Since i only want to train on the current GPU i have, i am running the following command :

python -m torch.distributed.launch --nproc_per_node=1 --use_env main.py --dataset vg --img_folder data/vg/images/ --ann_path data/vg/ --batch_size 1 --output_dir ckpt

And i am getting the following error : image image

I tried reducing the batch size to 1 ( one image per GPU ) and get the number of process per node also to be 1 and i am still getting the same error, i tried reading about the error but it's difficult to find since it depends on the case.

ikram-md commented 4 months ago

Solved the problem by starting a new virtual environment, installing cuda & pytorch from the official documentation Start locally then installing python 3.9, cython and all the necessary dependencies. The caveat is that cuda version must be exactly compatible with your GPU.

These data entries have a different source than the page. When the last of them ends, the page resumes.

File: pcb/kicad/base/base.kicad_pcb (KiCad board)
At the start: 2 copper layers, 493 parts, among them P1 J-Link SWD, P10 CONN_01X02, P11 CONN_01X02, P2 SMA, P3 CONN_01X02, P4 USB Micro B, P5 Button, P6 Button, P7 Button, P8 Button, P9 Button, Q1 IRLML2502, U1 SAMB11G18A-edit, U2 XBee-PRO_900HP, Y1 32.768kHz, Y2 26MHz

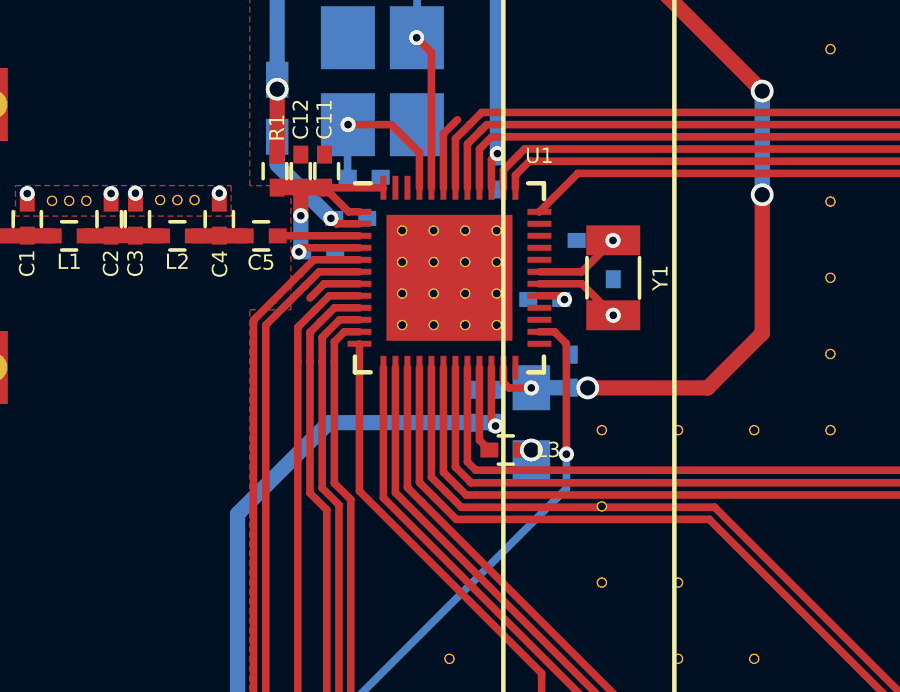
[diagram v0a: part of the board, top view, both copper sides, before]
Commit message: Fix BAC DFM flagged errors
Slight change to copper clearance and specific via pads.
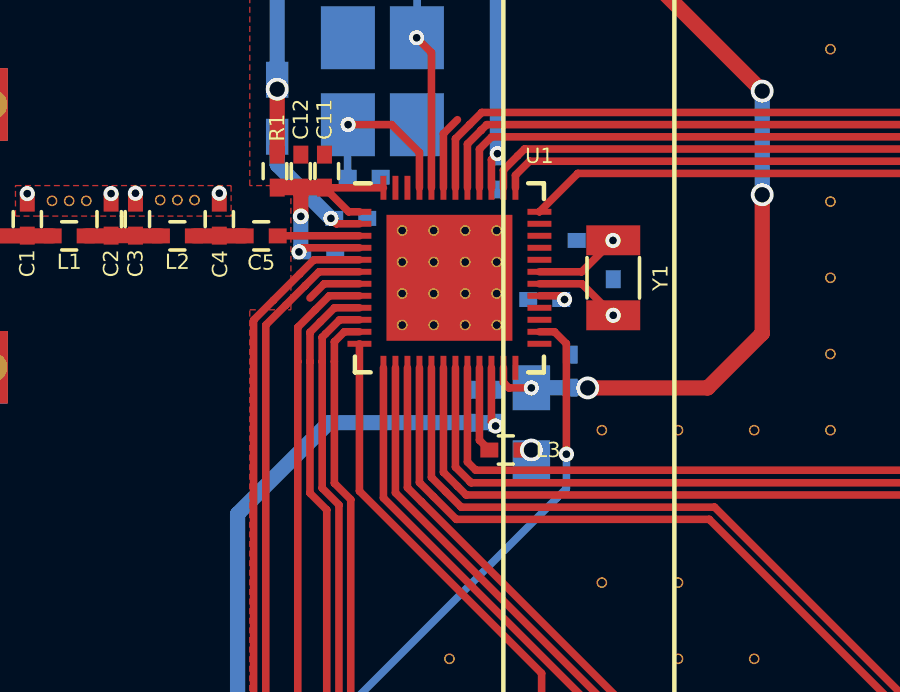
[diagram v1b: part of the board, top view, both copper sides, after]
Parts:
- removed the REF** at (135.1, 78.4)
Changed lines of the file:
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@@
 (kicad_pcb (version 4) (host pcbnew 4.0.5)
   (general
-    (links 607)
+    (links 606)
     (no_connects 0)
     (area 98.626099 29.574066 272.295714 194.39)
@@
     (tracks 302)
     (zones 0)
-    (modules 493)
+    (modules 492)
     (nets 82)
   )
@@
   )
   (setup
-    (last_trace_width 0.508)
+    (last_trace_width 0.254)
     (user_trace_width 0.254)
     (user_trace_width 0.508)
     (user_trace_width 0.762)
     (trace_clearance 0.1397)
-    (zone_clearance 0.1397)
+    (zone_clearance 0.1524)
     (zone_45_only yes)
     (trace_min 0.127)
@@
     (via_min_drill 0.254)
     (user_via 0.508 0.254)
+    (user_via 0.5334 0.254)
     (user_via 0.762 0.508)
     (user_via 0.889 0.635)
@@
   )
   (module Misc:Via_Stitch_Dia0.356mm_Drill0.254mm (layer F.Cu)
-    (at 135.1026 78.359)
-    (fp_text reference REF** (at 0 0.889) (layer F.SilkS) hide
-      (effects (font (size 1 1) (thickness 0.15)))
-    )
-    (fp_text value Via_Stitch_Dia0.356mm_Drill0.254mm (at 0 -0.889) (layer F.Fab)
-      (effects (font (size 1 1) (thickness 0.15)))
-    )
-    (pad 1 thru_hole circle (at 0 0) (size 0.356 0.356) (drill 0.254) (layers *.Cu)
-      (net 2 GND) (zone_connect 2))
-  )
-  (module Misc:Via_Stitch_Dia0.356mm_Drill0.254mm (layer F.Cu)
     (at 135.1026 80.899)
     (fp_text reference REF** (at 0 0.889) (layer F.SilkS) hide
@@
   (segment (start 125.0696 67.733) (end 124.2822 67.733) (width 0.508) (layer F.Cu) (net 10))
   (segment (start 127.8226 67.739) (end 125.863 67.739) (width 0.254) (layer F.Cu) (net 10))
-  (segment (start 125.068806 69.827706) (end 125.068806 68.669694) (width 0.508) (layer B.Cu) (net 10))
-  (via (at 125.068806 68.669694) (size 0.508) (drill 0.254) (layers F.Cu B.Cu) (net 10))
-  (segment (start 125.068806 68.669694) (end 125.0696 68.6689) (width 0.508) (layer F.Cu) (net 10))
-  (segment (start 125.0696 68.6689) (end 125.0696 67.733) (width 0.508) (layer F.Cu) (net 10))
+  (segment (start 125.068806 69.827706) (end 125.0696 68.6943) (width 0.508) (layer B.Cu) (net 10))
+  (via (at 125.0696 68.6943) (size 0.5334) (drill 0.254) (layers F.Cu B.Cu) (net 10))
+  (segment (start 125.0696 68.6943) (end 125.070394 68.693506) (width 0.508) (layer F.Cu) (net 10))
+  (segment (start 125.070394 68.693506) (end 125.0696 67.733) (width 0.508) (layer F.Cu) (net 10))
   (segment (start 127.0226 69.739) (end 125.1425 69.739) (width 0.254) (layer F.Cu) (net 10))
   (via (at 125.0061 69.8754) (size 0.508) (drill 0.254) (layers F.Cu B.Cu) (net 10))
@@
   )
   (zone (net 2) (net_name GND) (layer B.Cu) (hatch edge 0.508)
-    (connect_pads thru_hole_only (clearance 0.1397))
-    (min_thickness 0.1397)
+    (connect_pads thru_hole_only (clearance 0.1524))
+    (min_thickness 0.1524)
     (fill yes (mode segment) (arc_segments 32) (thermal_gap 0.508) (thermal_bridge_width 0.508))
     (polygon
@@
   )
   (zone (net 2) (net_name GND) (layer F.Cu) (hatch edge 0.508)
-    (connect_pads thru_hole_only (clearance 0.1397))
-    (min_thickness 0.1397)
+    (connect_pads thru_hole_only (clearance 0.1524))
+    (min_thickness 0.1524)
     (fill yes (mode segment) (arc_segments 32) (thermal_gap 0.508) (thermal_bridge_width 0.508))
     (polygon

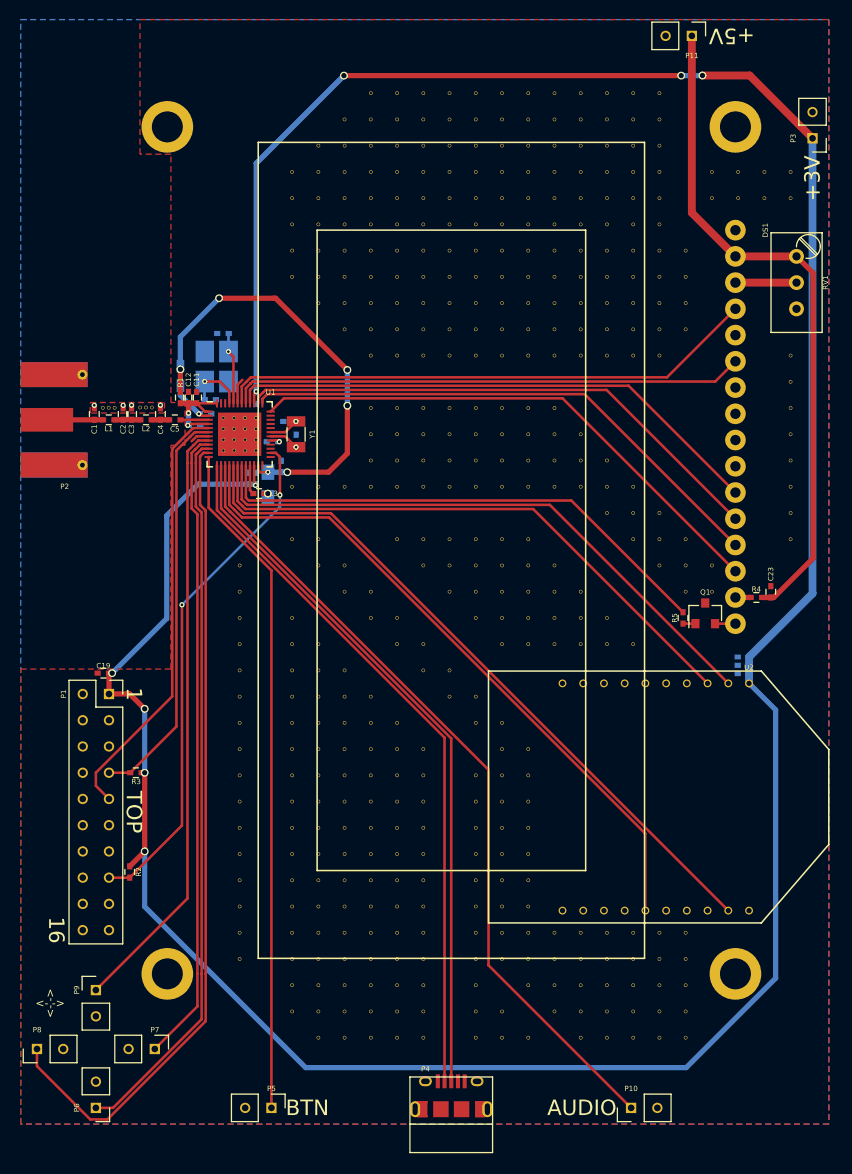
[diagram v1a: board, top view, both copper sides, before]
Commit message: Merge base board with power traces
Cleanup power elements and removed some vias to comply with drill hole
board density.
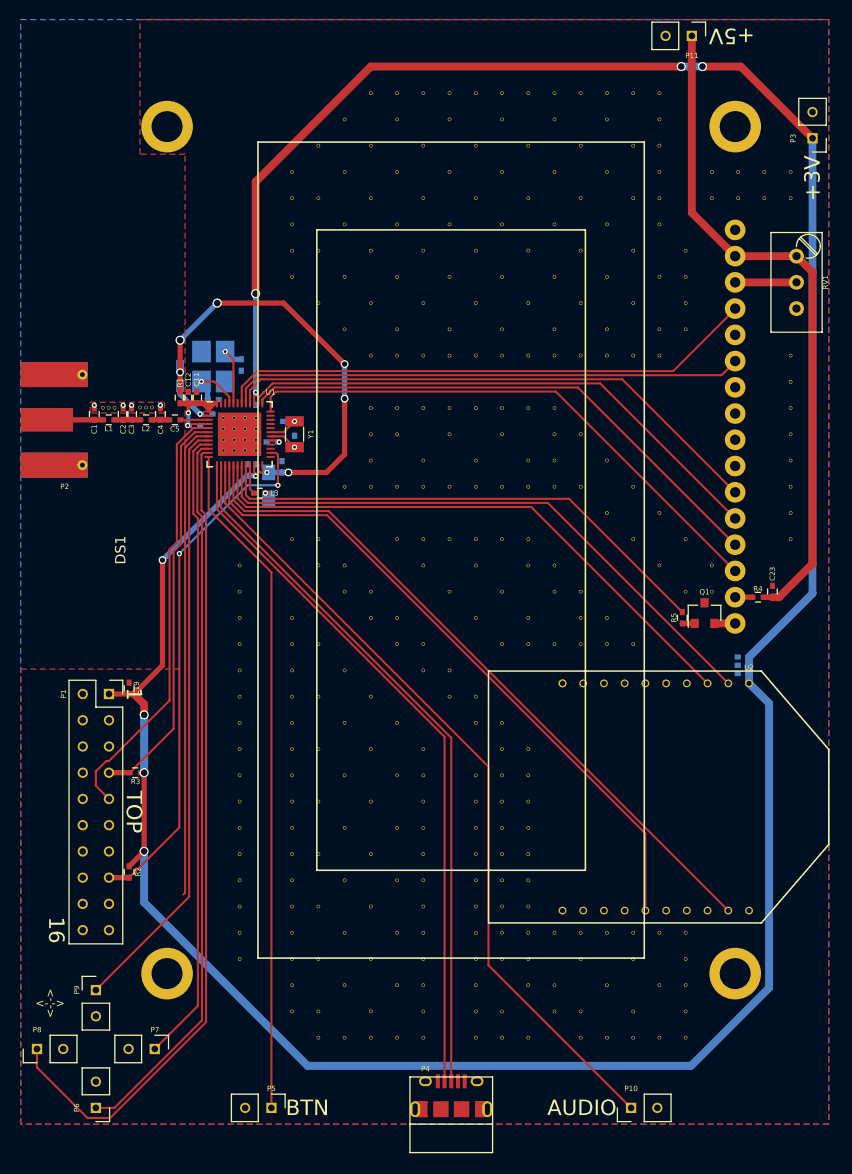
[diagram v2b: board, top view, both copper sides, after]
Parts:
- removed the REF** at (145.3, 121.5)
- removed the REF** at (140.2, 121.5)
- removed the REF** at (142.7, 119.0)
- removed the REF** at (137.6, 119.0)
- removed the REF** at (140.2, 116.5)
- removed the REF** at (145.3, 116.5)
- removed the REF** at (142.7, 124.1)
- removed the REF** at (137.6, 124.1)
- removed the REF** at (140.2, 126.6)
- removed the REF** at (145.3, 126.6)
- removed the REF** at (142.7, 113.9)
- removed the REF** at (137.6, 113.9)
- removed the REF** at (145.3, 111.4)
- removed the REF** at (140.2, 111.4)
- removed the REF** at (137.6, 108.8)
- removed the REF** at (142.7, 108.8)
- removed the REF** at (158.0, 86.0)
- removed the REF** at (160.5, 88.5)
- removed the REF** at (155.4, 88.5)
- removed the REF** at (152.9, 86.0)
- removed the REF** at (155.4, 83.4)
- removed the REF** at (150.3, 83.4)
- removed the REF** at (137.6, 93.6)
- removed the REF** at (145.3, 101.2)
- removed the REF** at (140.2, 101.2)
- removed the REF** at (137.6, 103.8)
- removed the REF** at (142.7, 103.8)
- removed the REF** at (142.7, 98.7)
- removed the REF** at (137.6, 98.7)
- removed the REF** at (140.2, 96.1)
- removed the REF** at (140.2, 106.3)
- removed the REF** at (145.3, 106.3)
- removed the REF** at (173.2, 83.4)
- removed the REF** at (165.6, 75.8)
- removed the REF** at (168.1, 78.4)
- removed the REF** at (170.7, 80.9)
- removed the REF** at (170.7, 126.6)
- removed the REF** at (137.6, 75.8)
- removed the REF** at (135.1, 75.8)
- removed the REF** at (163.0, 73.3)
- removed the REF** at (145.3, 73.3)
- removed the REF** at (150.3, 73.3)
- removed the REF** at (155.4, 73.3)
- removed the REF** at (165.6, 126.6)
- removed the REF** at (158.0, 70.7)
- removed the REF** at (152.9, 70.7)
- removed the REF** at (147.8, 70.7)
- removed the REF** at (137.6, 45.3)
- removed the REF** at (137.6, 55.5)
- removed the REF** at (137.6, 50.4)
- removed the REF** at (163.0, 124.1)
- removed the REF** at (168.1, 60.6)
- removed the REF** at (163.0, 60.6)
- removed the REF** at (168.1, 124.1)
- removed the REF** at (147.8, 60.6)
- removed the REF** at (142.7, 60.6)
- removed the REF** at (152.9, 60.6)
- removed the REF** at (158.0, 60.6)
- removed the REF** at (170.7, 58.0)
- removed the REF** at (165.6, 58.0)
- removed the REF** at (160.5, 58.0)
- removed the REF** at (145.3, 58.0)
- removed the REF** at (140.2, 58.0)
- removed the REF** at (150.3, 58.0)
- removed the REF** at (155.4, 58.0)
- removed the REF** at (165.6, 47.9)
- removed the REF** at (160.5, 47.9)
- removed the REF** at (145.3, 47.9)
- removed the REF** at (140.2, 47.9)
- removed the REF** at (150.3, 47.9)
- removed the REF** at (155.4, 47.9)
- removed the REF** at (158.0, 50.4)
- removed the REF** at (152.9, 50.4)
- removed the REF** at (142.7, 50.4)
- removed the REF** at (147.8, 50.4)
- removed the REF** at (163.0, 50.4)
- removed the REF** at (168.1, 50.4)
- removed the REF** at (168.1, 55.5)
- removed the REF** at (163.0, 55.5)
- removed the REF** at (147.8, 55.5)
- removed the REF** at (142.7, 55.5)
- removed the REF** at (152.9, 55.5)
- removed the REF** at (158.0, 55.5)
- removed the REF** at (155.4, 53.0)
- removed the REF** at (150.3, 53.0)
- removed the REF** at (140.2, 53.0)
- removed the REF** at (145.3, 53.0)
- removed the REF** at (160.5, 53.0)
- removed the REF** at (165.6, 53.0)
- removed the REF** at (170.7, 53.0)
- removed the REF** at (165.6, 42.8)
- removed the REF** at (160.5, 42.8)
- removed the REF** at (145.3, 42.8)
- removed the REF** at (140.2, 42.8)
- removed the REF** at (150.3, 42.8)
- removed the REF** at (155.4, 42.8)
- removed the REF** at (158.0, 45.3)
- removed the REF** at (165.6, 121.5)
- removed the REF** at (152.9, 45.3)
- removed the REF** at (142.7, 45.3)
- removed the REF** at (147.8, 45.3)
- removed the REF** at (163.0, 45.3)
- removed the REF** at (168.1, 45.3)
- removed the REF** at (168.1, 40.3)
- removed the REF** at (163.0, 40.3)
- removed the REF** at (147.8, 40.3)
- removed the REF** at (142.7, 40.3)
- removed the REF** at (152.9, 40.3)
- removed the REF** at (158.0, 40.3)
- removed the REF** at (170.7, 121.5)
- removed the REF** at (160.5, 121.5)
- moved C8 3.53 mm to (130.2, 64.0), turned to 270 degrees
- moved C19 2.90 mm to (119.3, 95.3), turned to 90 degrees
- moved C17 0.83 mm to (131.6, 74.2)
- moved C16 0.83 mm to (130.8, 74.2)
- moved Y2 0.32 mm to (127.5, 64.2)
- moved C9 0.29 mm to (127.5, 67.4)
- moved C6 0.18 mm to (135.3, 71.4)
- moved C23 0.16 mm to (181.6, 86.0)
- moved R4 0.16 mm to (180.2, 86.5)
- moved Y1 0.15 mm to (135.3, 70.7)
- moved C13 0.11 mm to (126.8, 68.8)
- moved C15 0.11 mm to (131.6, 67.3)
- moved L4 0.09 mm to (132.8, 75.7)
- moved C14 0.08 mm to (134.1, 73.9)
- moved L3 0.08 mm to (132.0, 76.4)
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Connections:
- DS1 pad 17: GND -> (no net)
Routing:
- net Net-(U1-Pad7): track 1.84 -> 46.1 mm
- net /+3.3V: track 296.3 -> 291.8 mm
- net /DISP_CTRST: track 2.46 -> 0.00 mm
- net Net-(P1-Pad15): track 49.8 -> 51.4 mm
- net /DISP_B3: track 52.5 -> 53.8 mm
- net Net-(C10-Pad1): track 9.21 -> 10.3 mm
- net /DISP_B0: track 52.7 -> 53.2 mm
- net /DISP_B2: track 52.5 -> 53.0 mm
- net Net-(C14-Pad1): track 43.6 -> 43.9 mm, vias 6 -> 7
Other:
- net class Default: clearance 0.1397 -> 0.1905; trace_width 0.254 -> 0.2032
- net class Power: clearance 0.1397 -> 0.1905
- rule trace_clearance: 0.1397 -> 0.1905
- rule via_min_size: 0.254 -> 0.508

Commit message: Update display, XBee, and USB trace widths
Experimenting with new design constraints of 0.75mil clearance and
0.8mil signal trace widths.
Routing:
- net (no net): track 0.00 -> 8.08 mm, vias 0 -> 1
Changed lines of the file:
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@@
     (user_via 0.508 0.254)
     (user_via 0.762 0.508)
-    (user_via 0.889 0.635)
     (uvia_size 0.3)
     (uvia_drill 0.1)
@@
     (effects (font (size 1.5 1.5) (thickness 0.3)))
   )
+  (segment (start 140.4493 67.9704) (end 140.4493 64.516) (width 0.508) (layer B.Cu) (net 0))
+  (via (at 140.4493 67.9704) (size 0.762) (drill 0.508) (layers F.Cu B.Cu) (net 0))
+  (segment (start 140.4493 72.5932) (end 140.4493 67.9704) (width 0.508) (layer F.Cu) (net 0))
   (segment (start 111.3608 69.342) (end 115.9422 69.342) (width 0.508) (layer F.Cu) (net 1))
   (segment (start 115.9422 69.342) (end 115.951 69.3332) (width 0.508) (layer F.Cu) (net 1))

wuzhiwei2001 commented 4 weeks ago

Solved the problem by starting a new virtual environment, installing cuda & pytorch from the official documentation Start locally then installing python 3.9, cython and all the necessary dependencies. The caveat is that cuda version must be exactly compatible with your GPU.

Hello, I encountered the same issue as you did and followed your instructions for installation thoroughly. However, the problem still persists. Could you please let me know which versions of PyTorch and CUDA you selected? I would greatly appreciate your response!